I rather fail to see how this is "not really dangerous at all"!

Re:Firefox

[gkhan1]

He has made 291 comments in the past. He has a number of fans and a number of freaks. He has made comments that some people like and some people don't like, and no matter what he stands for it, by using his account. You're a coward because you make trollish comments and don't have the balls to stand for what you say. You're worried that some people might use your comments against you in a future discussion, or you're worried that this might harm your karma.

The difference? He's a man that's not afraid to stand by what he said, you're a small boy that runs around a creates a mess and then blames some one else.

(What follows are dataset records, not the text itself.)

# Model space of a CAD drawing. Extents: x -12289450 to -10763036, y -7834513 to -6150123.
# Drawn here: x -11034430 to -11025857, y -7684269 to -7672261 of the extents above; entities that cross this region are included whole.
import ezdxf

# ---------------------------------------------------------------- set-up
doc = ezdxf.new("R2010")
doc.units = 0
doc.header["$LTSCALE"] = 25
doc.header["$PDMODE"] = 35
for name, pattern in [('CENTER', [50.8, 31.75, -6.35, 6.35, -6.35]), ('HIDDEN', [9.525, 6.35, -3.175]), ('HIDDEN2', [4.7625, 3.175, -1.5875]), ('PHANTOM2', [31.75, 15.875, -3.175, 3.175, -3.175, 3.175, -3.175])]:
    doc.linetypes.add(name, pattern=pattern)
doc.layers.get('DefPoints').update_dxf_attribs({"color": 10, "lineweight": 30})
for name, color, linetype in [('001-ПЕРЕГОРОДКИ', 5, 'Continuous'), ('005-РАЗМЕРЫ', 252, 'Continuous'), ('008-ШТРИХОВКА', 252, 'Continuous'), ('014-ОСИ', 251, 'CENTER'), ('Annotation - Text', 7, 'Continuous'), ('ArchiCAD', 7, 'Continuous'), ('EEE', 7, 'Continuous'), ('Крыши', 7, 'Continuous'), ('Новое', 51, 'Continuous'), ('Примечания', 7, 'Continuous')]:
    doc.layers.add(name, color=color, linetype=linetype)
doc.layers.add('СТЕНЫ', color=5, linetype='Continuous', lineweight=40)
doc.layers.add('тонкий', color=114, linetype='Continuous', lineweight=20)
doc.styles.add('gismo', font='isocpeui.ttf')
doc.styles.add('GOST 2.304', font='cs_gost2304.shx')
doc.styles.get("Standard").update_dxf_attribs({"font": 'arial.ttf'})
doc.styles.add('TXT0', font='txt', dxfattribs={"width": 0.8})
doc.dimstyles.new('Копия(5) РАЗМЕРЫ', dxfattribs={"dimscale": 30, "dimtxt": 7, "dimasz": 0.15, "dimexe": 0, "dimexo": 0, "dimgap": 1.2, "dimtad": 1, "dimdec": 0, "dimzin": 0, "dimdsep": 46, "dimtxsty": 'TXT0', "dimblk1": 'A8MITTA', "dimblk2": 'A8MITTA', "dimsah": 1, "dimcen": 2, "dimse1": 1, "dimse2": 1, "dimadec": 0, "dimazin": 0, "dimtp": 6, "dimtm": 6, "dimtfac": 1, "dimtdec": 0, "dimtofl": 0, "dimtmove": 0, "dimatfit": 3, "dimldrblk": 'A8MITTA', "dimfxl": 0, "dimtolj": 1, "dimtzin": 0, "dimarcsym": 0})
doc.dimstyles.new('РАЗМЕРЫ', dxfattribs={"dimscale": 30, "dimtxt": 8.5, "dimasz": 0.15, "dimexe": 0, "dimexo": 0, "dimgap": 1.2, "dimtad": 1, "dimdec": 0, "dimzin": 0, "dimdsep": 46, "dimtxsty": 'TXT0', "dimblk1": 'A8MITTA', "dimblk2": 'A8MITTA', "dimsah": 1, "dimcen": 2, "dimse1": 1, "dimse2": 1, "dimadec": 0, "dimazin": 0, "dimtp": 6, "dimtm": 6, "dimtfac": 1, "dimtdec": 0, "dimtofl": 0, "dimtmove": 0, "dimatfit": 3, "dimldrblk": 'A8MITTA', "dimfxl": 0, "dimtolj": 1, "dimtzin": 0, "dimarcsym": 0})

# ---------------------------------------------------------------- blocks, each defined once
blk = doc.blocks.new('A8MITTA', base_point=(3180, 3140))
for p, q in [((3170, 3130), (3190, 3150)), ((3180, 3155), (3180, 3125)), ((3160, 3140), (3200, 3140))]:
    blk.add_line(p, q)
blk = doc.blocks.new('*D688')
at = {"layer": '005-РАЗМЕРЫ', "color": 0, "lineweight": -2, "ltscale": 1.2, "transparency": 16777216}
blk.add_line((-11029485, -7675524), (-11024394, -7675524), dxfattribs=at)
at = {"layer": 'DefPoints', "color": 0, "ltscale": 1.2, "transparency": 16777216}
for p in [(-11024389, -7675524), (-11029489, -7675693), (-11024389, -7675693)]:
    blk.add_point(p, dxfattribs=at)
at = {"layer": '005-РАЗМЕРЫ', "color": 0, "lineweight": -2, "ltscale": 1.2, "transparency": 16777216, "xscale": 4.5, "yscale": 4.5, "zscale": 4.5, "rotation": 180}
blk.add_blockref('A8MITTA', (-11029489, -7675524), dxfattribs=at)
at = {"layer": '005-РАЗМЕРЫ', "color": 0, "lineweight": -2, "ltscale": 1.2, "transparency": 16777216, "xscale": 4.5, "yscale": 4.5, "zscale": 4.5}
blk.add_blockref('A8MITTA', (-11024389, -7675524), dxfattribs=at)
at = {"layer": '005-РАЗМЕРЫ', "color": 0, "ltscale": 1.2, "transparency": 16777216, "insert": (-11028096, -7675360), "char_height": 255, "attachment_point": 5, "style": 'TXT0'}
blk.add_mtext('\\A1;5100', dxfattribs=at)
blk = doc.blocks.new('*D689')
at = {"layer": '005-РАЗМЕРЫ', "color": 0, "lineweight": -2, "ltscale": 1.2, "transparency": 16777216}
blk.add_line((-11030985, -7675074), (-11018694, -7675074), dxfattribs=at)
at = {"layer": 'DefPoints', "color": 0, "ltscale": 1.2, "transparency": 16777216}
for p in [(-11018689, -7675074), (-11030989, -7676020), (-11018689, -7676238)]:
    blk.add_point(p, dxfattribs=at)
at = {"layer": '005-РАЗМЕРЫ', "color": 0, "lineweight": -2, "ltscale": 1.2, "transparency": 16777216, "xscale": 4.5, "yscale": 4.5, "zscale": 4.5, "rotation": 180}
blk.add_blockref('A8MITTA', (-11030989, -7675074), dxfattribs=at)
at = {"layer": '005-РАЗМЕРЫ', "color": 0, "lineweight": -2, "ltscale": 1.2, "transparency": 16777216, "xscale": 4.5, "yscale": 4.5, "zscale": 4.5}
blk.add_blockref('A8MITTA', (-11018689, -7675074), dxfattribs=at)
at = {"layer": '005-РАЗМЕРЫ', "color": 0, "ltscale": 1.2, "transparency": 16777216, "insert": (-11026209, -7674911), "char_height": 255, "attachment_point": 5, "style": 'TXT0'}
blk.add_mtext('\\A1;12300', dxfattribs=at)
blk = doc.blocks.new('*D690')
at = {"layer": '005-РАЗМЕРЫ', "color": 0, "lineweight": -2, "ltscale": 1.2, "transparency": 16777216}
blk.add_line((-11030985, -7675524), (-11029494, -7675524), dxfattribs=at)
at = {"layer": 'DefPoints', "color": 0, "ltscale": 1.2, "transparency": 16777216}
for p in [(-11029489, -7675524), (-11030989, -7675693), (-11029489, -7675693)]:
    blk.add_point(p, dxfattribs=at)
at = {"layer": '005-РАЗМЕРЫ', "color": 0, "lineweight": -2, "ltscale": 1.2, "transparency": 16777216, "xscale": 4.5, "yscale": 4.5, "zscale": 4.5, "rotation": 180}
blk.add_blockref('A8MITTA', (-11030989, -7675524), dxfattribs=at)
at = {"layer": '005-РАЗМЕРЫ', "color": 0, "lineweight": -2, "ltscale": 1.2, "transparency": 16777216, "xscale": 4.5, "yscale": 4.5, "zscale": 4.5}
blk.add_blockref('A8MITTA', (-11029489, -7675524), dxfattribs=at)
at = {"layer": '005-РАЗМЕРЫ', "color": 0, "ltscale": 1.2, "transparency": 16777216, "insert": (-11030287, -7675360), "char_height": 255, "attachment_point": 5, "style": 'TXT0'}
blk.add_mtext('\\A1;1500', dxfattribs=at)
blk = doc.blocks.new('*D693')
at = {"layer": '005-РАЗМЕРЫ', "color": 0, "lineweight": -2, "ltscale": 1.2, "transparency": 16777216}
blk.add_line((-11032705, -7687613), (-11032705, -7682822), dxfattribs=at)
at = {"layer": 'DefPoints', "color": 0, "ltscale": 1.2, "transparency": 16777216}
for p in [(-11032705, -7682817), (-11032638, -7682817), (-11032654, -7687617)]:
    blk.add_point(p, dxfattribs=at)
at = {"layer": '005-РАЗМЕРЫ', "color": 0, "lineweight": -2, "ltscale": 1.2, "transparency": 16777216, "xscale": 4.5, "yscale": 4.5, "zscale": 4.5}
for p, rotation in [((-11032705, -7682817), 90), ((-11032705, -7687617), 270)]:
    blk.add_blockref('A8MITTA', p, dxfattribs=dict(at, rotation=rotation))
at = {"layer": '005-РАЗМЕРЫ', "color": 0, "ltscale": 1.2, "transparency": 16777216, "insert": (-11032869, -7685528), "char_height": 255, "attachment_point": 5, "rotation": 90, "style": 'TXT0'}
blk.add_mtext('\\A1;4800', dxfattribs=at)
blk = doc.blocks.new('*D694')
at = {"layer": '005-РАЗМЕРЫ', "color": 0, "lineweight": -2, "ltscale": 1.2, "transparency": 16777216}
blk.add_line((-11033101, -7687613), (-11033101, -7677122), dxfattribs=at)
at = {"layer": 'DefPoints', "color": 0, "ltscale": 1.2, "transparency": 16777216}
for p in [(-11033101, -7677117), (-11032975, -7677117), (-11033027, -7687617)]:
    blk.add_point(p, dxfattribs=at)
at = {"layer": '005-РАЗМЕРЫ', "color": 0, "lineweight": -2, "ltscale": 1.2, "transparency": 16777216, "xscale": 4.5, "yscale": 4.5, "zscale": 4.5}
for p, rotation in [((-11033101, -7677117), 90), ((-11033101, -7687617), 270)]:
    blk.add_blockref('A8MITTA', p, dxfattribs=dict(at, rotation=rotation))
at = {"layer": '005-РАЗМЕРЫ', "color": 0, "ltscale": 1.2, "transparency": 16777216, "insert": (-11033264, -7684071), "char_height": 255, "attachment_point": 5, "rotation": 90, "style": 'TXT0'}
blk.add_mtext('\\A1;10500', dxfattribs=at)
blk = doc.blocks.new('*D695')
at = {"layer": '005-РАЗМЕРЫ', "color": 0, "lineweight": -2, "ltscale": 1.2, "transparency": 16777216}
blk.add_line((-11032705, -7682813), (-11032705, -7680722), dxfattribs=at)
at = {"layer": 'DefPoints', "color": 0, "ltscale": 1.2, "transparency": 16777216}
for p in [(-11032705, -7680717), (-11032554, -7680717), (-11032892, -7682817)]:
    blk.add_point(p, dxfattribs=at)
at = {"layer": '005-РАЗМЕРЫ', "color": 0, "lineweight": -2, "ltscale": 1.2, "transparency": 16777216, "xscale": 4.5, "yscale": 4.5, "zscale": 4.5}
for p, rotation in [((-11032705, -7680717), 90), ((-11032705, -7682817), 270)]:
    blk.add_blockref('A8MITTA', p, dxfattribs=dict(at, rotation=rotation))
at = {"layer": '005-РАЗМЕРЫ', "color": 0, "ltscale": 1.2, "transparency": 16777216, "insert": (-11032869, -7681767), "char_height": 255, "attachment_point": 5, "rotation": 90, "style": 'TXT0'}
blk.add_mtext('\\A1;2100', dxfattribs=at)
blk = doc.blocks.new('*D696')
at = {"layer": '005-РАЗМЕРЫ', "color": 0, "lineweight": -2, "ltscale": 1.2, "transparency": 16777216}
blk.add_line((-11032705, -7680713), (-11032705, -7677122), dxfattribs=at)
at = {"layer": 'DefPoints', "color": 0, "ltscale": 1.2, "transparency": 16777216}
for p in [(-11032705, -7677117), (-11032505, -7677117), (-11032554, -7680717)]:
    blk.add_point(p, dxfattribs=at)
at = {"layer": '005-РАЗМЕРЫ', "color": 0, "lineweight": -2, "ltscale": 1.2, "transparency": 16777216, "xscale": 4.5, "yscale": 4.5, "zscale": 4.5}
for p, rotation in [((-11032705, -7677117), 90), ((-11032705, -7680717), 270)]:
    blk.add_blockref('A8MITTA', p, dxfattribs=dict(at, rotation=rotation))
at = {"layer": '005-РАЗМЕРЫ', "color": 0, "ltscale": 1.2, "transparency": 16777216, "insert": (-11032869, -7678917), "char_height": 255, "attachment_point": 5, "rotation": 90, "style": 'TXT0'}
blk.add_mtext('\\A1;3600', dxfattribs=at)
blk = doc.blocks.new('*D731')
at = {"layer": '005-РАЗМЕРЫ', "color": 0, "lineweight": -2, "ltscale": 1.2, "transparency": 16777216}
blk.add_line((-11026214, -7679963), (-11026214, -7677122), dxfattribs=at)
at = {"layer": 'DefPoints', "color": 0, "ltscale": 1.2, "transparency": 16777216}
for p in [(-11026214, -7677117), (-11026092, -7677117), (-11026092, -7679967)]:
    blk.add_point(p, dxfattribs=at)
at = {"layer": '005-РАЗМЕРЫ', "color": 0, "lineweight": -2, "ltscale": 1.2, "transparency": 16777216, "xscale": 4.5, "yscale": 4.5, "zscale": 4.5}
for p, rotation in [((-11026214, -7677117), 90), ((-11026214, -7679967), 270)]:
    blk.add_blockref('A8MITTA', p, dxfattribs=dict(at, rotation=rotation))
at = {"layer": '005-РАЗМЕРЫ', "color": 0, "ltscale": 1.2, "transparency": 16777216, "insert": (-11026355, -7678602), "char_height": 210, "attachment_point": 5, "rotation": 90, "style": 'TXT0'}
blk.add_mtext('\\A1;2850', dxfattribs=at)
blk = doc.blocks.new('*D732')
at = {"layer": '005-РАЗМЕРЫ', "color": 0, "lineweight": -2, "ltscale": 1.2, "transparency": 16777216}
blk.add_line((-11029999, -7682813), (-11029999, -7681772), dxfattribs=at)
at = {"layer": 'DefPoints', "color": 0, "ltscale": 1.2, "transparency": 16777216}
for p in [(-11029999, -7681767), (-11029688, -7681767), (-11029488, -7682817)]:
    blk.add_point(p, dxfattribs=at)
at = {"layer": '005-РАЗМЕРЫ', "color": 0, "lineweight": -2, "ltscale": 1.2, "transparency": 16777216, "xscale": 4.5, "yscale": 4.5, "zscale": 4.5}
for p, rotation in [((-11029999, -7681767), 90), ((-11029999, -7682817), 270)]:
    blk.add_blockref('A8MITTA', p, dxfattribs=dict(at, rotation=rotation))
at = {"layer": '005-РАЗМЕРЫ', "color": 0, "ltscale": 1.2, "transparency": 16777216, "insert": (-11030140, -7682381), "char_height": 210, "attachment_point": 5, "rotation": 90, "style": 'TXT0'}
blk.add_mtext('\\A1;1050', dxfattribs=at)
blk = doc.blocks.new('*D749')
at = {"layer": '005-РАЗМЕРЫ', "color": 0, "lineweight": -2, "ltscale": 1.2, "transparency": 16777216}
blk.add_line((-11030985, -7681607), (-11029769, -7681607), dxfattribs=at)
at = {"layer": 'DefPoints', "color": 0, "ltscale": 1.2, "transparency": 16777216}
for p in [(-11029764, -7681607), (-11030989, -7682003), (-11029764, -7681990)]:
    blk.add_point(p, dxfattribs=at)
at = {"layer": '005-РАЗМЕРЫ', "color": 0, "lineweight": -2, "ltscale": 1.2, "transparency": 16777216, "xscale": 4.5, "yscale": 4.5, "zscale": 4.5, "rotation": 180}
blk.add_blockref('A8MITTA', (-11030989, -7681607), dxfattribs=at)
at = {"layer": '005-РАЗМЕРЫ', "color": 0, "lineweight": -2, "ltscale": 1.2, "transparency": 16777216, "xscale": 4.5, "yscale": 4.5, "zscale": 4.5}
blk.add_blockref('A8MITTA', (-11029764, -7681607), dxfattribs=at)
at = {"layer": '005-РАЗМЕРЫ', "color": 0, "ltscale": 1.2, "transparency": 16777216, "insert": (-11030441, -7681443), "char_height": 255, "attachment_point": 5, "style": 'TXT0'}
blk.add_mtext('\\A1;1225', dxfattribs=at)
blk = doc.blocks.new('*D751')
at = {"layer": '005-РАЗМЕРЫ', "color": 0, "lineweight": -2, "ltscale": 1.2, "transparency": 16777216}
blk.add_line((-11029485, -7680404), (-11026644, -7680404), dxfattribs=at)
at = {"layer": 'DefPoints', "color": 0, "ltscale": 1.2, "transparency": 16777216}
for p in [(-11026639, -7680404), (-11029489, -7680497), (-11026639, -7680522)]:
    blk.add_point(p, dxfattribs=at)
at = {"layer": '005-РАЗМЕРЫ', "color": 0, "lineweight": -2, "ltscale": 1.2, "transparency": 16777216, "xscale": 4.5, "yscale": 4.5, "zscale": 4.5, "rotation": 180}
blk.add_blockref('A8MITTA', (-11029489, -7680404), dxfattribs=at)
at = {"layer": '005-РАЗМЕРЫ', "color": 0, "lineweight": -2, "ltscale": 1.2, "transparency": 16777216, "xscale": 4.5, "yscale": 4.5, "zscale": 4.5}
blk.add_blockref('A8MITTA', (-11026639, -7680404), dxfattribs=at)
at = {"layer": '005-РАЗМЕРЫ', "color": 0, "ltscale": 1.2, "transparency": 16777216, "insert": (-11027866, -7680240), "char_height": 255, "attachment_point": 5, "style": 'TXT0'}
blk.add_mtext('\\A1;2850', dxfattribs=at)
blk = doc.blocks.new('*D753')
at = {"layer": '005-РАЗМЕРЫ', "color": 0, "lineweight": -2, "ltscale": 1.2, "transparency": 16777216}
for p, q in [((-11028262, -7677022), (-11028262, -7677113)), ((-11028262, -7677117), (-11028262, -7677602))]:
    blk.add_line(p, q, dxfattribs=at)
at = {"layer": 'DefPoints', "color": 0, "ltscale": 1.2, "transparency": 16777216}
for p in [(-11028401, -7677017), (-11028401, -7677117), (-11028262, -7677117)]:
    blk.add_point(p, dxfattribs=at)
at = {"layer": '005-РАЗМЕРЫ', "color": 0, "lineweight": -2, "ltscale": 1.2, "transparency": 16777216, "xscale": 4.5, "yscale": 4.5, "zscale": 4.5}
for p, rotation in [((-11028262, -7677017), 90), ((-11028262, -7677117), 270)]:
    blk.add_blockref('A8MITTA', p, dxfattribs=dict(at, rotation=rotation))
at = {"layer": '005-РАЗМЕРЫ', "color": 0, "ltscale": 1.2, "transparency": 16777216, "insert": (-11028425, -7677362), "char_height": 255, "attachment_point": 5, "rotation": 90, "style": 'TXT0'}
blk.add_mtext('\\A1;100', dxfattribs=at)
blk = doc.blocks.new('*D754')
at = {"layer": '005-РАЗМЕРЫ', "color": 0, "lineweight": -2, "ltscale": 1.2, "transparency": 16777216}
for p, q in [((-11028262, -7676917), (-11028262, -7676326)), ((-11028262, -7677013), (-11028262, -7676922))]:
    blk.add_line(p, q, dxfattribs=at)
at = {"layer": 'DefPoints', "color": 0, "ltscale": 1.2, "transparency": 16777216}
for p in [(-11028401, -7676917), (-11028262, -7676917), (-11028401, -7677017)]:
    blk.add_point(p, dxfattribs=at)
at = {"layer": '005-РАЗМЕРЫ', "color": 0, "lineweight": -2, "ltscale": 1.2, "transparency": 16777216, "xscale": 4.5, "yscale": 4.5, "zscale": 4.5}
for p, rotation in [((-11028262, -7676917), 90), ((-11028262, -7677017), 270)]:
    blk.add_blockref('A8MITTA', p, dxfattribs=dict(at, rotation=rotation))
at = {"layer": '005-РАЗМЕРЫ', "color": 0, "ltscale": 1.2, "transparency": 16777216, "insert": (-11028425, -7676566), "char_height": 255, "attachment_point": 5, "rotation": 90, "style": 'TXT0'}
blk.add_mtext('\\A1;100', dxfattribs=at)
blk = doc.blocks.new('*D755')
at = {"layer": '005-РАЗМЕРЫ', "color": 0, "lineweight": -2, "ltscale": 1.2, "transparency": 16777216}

If you have any sort of backbone and not a spine made of jello, you should reveal your username. No? I figured you wouldn't.

Re:Actually, what's wrong with http? its overloade

[Anonymous Coward]

It's funny to see how snotty the purists get when their tech is hacked and abused to do things it wasn't "intended" to do. Especially when these same folk revel in doing it to other things.

Seriously, get with the fucking program - the people have spoken and this is what they want. No one gives a fuck all about HTTP being for text only. Shut up or get off.

Re:Let's be fair

[poulbailey]

Not only is IE7 not a "rewrite" as some claimed

That's the second time you've said this. Who exactly claimed IE7 was a rewrite? Microsoft or the voices in your head?

Its not true

[Ultragames]

Here is the line of code they use to get the source of the said 3rd party page: request.open('GET', 'http://secu'+'nia.com/ie_redir_test_1/?' + Math.random(), true); Here is why this 'bug' does not do what they say it does: The browser does not allow AJAX style connetions to any domain outside of the one you are currently on. To 'get around this' Secunia has connected to a page on thier server which then goes and gets the code. Probaly using a readfile command. Here is why this is NOT a browser bug: The page that they are calling is on thier server which means that it does not have your cookies or your session data. The server page that they are opening can only view the page from the stand point of an not-logged-in user. This isn't a new trick that Secunia just invented, it is used quite often to get data from other websites. But the only way to log into another website in this manner is the have the server side page open a socket into that 3rd party page. This cannot be done, again, because their server does not have your cookie data. This is not a browser bug.

Re:two words

[PhrostyMcByte]

How much you want to bet this guy found the vuln weeks ago, but held off on releasing it so he could brag that he discovered the first IE7 vuln, and it only took him less than 24hr!

Re:two words

[PylonHead]

Yes, you're right.. it is traditional when releasing a new version of software to THROW OUT ALL YOUR CODE AND START OVER FROM SCRATCH.

I love it when people in the cake decorating industry post to slash dot.